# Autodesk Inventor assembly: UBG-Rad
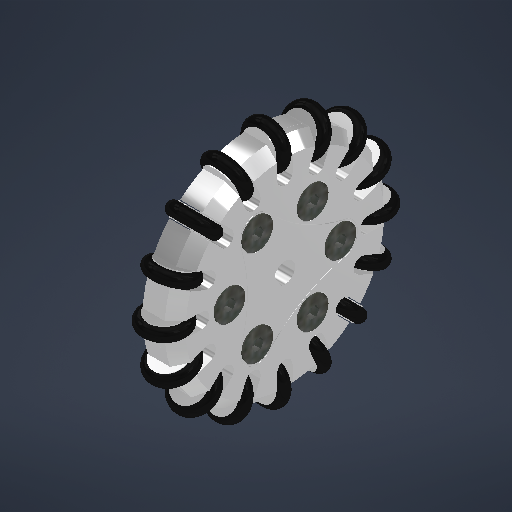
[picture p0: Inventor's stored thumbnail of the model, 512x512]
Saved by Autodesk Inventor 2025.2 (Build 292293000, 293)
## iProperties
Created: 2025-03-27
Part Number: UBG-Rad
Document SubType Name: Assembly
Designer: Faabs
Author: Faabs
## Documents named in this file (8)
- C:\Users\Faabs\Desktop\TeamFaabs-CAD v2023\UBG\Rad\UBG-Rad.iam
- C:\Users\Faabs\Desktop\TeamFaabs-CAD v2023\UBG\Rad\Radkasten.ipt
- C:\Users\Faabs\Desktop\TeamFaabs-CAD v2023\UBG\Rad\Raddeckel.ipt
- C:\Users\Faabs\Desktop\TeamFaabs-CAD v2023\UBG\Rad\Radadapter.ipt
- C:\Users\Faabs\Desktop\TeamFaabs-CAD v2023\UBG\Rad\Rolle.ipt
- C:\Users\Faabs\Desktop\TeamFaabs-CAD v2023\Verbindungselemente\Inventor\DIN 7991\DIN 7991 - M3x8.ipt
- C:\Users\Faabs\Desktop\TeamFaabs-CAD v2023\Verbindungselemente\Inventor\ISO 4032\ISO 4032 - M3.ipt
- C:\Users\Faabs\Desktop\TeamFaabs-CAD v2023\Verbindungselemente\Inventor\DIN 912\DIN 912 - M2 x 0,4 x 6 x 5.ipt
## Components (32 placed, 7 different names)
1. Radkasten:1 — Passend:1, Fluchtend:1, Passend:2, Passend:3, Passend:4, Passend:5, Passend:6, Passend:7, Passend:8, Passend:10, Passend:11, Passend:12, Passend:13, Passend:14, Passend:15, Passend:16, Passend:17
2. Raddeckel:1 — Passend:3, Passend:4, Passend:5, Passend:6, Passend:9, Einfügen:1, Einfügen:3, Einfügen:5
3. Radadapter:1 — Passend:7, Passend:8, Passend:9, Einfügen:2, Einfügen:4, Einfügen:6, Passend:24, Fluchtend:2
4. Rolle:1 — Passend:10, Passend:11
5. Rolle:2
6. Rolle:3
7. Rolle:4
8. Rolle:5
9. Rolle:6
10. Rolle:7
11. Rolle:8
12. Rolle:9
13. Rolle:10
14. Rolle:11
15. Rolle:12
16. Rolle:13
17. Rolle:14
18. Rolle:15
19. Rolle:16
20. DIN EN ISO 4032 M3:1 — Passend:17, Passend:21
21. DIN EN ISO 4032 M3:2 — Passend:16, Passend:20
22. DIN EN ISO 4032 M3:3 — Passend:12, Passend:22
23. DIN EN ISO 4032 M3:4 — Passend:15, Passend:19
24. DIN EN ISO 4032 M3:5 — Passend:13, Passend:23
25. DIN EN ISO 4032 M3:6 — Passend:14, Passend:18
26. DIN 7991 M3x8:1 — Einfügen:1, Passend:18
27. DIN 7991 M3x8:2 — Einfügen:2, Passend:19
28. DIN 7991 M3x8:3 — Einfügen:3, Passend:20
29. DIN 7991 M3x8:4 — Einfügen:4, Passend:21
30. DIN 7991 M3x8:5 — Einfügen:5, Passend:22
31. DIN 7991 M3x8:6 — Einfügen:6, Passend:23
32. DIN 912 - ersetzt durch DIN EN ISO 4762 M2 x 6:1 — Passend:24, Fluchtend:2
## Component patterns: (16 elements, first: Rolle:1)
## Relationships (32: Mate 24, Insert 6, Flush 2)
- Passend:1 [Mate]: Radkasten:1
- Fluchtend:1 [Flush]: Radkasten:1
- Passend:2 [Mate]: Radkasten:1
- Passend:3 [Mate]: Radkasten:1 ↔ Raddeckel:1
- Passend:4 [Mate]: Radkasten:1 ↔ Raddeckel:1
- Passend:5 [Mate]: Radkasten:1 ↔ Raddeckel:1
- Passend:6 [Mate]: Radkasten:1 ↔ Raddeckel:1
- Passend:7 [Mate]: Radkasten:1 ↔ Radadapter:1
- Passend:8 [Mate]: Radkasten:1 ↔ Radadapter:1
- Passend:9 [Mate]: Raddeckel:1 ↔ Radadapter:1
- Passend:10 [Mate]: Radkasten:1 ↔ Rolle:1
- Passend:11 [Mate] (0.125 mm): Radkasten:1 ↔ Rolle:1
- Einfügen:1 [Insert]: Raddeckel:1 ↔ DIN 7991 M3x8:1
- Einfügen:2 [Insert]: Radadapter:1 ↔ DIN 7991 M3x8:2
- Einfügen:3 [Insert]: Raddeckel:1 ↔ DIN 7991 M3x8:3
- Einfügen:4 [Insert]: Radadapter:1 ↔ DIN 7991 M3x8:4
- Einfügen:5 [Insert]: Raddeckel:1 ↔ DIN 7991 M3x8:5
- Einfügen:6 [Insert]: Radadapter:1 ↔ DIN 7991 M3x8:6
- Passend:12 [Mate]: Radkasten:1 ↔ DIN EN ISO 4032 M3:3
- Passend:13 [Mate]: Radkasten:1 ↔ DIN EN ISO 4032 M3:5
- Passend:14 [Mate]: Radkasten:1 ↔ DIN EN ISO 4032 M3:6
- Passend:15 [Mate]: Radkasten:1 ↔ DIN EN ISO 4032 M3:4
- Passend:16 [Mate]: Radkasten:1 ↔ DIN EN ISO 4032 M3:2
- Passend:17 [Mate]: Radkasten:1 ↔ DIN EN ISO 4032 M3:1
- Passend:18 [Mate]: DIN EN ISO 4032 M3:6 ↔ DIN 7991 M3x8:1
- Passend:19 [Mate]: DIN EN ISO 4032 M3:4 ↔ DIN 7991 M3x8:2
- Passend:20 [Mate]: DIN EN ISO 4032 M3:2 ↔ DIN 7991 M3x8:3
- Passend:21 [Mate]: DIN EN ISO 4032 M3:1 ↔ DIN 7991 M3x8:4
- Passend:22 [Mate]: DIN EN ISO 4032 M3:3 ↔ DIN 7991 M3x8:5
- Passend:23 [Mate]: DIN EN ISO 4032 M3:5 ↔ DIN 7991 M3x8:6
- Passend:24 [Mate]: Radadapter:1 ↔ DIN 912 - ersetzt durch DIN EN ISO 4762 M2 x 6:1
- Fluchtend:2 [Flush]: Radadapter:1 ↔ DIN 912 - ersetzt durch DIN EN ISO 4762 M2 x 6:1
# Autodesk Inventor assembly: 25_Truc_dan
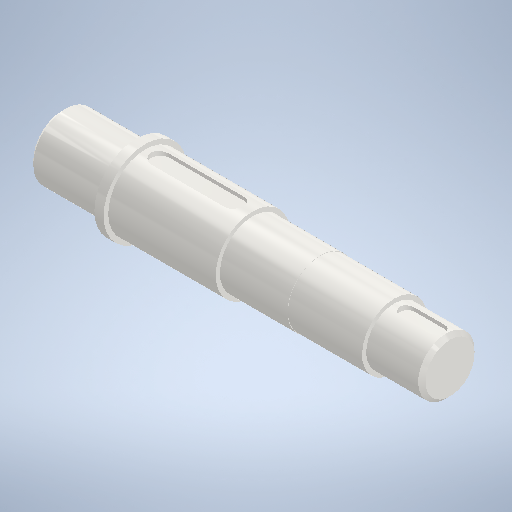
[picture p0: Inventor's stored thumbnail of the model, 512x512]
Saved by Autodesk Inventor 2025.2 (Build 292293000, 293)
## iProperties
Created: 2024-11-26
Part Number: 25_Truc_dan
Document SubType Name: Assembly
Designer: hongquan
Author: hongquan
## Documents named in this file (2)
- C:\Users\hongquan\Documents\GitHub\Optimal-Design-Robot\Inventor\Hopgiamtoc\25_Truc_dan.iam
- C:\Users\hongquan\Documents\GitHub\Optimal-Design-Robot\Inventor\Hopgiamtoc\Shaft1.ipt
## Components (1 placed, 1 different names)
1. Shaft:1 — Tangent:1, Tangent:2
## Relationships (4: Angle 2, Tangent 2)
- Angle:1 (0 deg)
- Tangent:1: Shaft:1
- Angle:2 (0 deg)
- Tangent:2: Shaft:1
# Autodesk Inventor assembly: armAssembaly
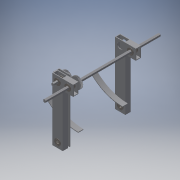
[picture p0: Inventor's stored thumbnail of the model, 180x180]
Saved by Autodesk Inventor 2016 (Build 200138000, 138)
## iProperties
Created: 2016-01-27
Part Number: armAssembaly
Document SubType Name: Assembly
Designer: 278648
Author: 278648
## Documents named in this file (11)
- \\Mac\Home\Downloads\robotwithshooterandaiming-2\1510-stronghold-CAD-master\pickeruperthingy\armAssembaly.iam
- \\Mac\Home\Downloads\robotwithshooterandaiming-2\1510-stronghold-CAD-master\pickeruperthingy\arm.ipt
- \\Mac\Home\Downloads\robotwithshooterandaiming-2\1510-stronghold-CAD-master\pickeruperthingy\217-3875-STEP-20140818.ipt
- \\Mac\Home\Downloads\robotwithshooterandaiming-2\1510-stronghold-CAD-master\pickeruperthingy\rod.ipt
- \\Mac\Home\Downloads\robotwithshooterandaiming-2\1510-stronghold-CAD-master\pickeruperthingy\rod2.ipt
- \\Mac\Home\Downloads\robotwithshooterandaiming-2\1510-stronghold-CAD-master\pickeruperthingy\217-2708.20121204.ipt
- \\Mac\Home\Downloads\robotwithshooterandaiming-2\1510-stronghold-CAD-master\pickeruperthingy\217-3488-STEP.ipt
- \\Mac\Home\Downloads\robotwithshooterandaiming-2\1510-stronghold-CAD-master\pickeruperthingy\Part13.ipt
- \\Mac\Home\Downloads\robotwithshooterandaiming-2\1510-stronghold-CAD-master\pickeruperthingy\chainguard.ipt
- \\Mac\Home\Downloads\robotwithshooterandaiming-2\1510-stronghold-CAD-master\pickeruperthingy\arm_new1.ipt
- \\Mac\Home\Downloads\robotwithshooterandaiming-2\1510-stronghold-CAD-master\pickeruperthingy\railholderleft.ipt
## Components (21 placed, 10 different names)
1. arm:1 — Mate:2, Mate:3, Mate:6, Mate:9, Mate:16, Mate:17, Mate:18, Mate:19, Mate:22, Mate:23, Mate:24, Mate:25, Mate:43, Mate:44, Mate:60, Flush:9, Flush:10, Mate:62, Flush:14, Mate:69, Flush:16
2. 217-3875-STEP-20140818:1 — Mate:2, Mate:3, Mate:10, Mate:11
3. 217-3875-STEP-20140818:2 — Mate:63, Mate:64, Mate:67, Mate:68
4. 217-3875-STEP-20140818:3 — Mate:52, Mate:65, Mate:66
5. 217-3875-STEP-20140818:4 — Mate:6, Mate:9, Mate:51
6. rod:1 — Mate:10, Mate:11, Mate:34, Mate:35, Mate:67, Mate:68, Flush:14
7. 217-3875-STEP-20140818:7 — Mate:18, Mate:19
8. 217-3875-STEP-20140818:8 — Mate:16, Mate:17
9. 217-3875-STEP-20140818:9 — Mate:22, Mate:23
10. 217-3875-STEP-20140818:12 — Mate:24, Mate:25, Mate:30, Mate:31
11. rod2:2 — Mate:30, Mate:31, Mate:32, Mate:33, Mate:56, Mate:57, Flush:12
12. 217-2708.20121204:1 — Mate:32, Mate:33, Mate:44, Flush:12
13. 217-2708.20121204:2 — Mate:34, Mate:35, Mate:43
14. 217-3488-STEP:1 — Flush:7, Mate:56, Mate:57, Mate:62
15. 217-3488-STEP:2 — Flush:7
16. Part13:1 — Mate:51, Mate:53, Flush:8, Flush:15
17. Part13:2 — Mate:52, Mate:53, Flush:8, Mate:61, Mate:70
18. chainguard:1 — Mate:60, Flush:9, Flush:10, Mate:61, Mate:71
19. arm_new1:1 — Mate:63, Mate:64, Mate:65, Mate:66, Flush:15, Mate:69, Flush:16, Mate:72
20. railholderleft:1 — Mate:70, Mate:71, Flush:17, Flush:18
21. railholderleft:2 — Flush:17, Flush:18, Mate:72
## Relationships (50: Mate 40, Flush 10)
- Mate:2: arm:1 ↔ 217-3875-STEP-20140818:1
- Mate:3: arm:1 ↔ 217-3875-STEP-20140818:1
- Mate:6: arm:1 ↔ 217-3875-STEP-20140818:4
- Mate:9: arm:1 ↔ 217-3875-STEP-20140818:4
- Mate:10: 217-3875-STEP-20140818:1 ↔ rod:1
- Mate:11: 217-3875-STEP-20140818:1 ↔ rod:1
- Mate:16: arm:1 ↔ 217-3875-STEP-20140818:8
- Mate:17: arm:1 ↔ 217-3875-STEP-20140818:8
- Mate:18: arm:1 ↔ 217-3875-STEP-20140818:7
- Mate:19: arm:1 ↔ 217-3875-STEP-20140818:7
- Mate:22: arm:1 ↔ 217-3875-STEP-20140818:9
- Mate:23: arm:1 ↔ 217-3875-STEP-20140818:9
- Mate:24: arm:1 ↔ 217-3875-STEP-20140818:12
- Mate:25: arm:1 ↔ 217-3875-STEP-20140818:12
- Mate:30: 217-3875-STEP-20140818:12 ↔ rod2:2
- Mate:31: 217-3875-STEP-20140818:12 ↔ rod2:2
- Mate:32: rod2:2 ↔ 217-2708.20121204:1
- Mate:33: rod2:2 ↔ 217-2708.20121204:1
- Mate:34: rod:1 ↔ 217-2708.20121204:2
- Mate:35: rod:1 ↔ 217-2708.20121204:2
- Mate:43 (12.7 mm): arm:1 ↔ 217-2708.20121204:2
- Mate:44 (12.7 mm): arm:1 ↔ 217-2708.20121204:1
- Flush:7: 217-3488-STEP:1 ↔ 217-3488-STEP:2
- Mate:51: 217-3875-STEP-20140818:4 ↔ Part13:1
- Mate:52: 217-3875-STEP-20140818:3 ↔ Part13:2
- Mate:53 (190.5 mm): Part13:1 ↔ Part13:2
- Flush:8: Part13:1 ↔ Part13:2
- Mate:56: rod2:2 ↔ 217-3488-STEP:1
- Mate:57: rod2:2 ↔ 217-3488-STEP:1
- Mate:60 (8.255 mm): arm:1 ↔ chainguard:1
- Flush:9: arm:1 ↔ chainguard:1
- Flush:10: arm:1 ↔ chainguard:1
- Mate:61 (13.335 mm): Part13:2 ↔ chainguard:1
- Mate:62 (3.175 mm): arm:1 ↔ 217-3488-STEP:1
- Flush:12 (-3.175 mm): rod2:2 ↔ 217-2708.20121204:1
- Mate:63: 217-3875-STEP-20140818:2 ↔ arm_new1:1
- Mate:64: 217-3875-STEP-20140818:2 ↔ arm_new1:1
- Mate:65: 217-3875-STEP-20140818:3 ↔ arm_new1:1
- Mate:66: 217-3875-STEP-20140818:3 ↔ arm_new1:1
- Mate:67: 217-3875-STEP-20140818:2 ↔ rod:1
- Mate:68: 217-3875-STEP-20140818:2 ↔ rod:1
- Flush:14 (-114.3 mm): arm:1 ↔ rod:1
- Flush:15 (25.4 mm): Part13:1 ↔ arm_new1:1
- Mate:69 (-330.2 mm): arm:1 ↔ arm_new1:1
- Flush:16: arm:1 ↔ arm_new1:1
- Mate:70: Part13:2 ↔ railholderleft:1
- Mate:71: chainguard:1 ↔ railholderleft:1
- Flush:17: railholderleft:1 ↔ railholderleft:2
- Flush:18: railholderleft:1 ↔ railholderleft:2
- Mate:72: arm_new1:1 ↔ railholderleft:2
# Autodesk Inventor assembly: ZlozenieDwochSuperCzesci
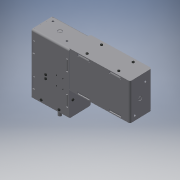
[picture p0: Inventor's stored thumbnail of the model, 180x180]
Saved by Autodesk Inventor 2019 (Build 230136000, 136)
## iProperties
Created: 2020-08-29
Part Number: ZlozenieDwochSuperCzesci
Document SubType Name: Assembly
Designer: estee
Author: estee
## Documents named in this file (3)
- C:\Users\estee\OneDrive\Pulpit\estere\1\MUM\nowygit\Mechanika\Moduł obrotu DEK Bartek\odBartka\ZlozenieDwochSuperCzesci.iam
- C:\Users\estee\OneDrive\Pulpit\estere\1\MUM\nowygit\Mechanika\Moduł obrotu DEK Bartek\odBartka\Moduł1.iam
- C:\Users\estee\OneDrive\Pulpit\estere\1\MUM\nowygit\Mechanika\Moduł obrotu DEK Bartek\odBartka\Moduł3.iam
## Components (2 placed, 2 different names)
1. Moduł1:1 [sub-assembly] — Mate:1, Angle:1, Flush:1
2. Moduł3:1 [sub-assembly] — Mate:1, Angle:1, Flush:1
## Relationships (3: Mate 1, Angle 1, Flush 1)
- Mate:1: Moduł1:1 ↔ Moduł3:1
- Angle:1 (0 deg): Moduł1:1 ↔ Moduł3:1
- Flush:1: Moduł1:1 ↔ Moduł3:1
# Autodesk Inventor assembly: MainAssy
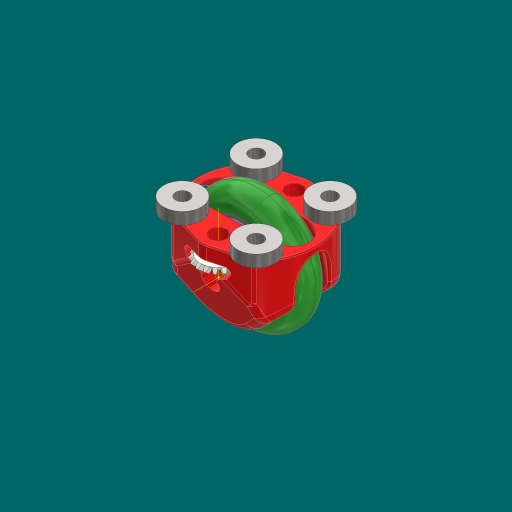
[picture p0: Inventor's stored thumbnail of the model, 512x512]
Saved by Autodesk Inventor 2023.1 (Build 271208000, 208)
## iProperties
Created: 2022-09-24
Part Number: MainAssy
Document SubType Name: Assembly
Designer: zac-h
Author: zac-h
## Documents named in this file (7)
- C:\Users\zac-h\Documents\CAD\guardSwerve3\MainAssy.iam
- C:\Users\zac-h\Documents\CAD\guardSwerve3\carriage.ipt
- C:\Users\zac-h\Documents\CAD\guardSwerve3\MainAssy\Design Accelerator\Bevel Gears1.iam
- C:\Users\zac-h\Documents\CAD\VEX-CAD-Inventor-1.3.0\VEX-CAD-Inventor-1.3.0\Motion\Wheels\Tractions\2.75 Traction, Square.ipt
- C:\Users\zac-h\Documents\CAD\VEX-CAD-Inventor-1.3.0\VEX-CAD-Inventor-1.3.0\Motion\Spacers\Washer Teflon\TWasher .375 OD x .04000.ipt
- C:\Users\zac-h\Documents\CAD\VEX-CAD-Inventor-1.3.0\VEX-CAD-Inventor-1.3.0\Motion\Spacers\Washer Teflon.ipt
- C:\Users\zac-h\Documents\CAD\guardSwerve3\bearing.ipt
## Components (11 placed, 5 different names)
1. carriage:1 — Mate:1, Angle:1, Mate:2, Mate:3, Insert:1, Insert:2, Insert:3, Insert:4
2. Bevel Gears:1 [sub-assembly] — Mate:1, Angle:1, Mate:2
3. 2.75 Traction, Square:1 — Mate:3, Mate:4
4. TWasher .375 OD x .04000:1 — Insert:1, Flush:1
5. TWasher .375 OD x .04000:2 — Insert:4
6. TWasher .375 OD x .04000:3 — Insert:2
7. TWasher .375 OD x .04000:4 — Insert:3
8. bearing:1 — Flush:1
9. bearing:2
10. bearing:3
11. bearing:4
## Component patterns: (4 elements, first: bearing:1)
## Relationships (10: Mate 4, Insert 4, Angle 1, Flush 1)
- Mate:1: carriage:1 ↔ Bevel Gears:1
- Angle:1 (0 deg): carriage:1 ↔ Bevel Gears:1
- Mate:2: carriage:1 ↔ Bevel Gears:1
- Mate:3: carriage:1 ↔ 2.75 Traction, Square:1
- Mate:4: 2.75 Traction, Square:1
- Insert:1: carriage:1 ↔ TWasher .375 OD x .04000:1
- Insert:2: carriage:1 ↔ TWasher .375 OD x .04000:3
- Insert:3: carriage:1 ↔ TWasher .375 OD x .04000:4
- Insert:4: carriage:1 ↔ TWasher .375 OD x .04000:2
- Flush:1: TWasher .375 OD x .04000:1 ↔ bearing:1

_What you need to do_:
Report how many lines above hold "estere", number only.

_Solution for this task_:
3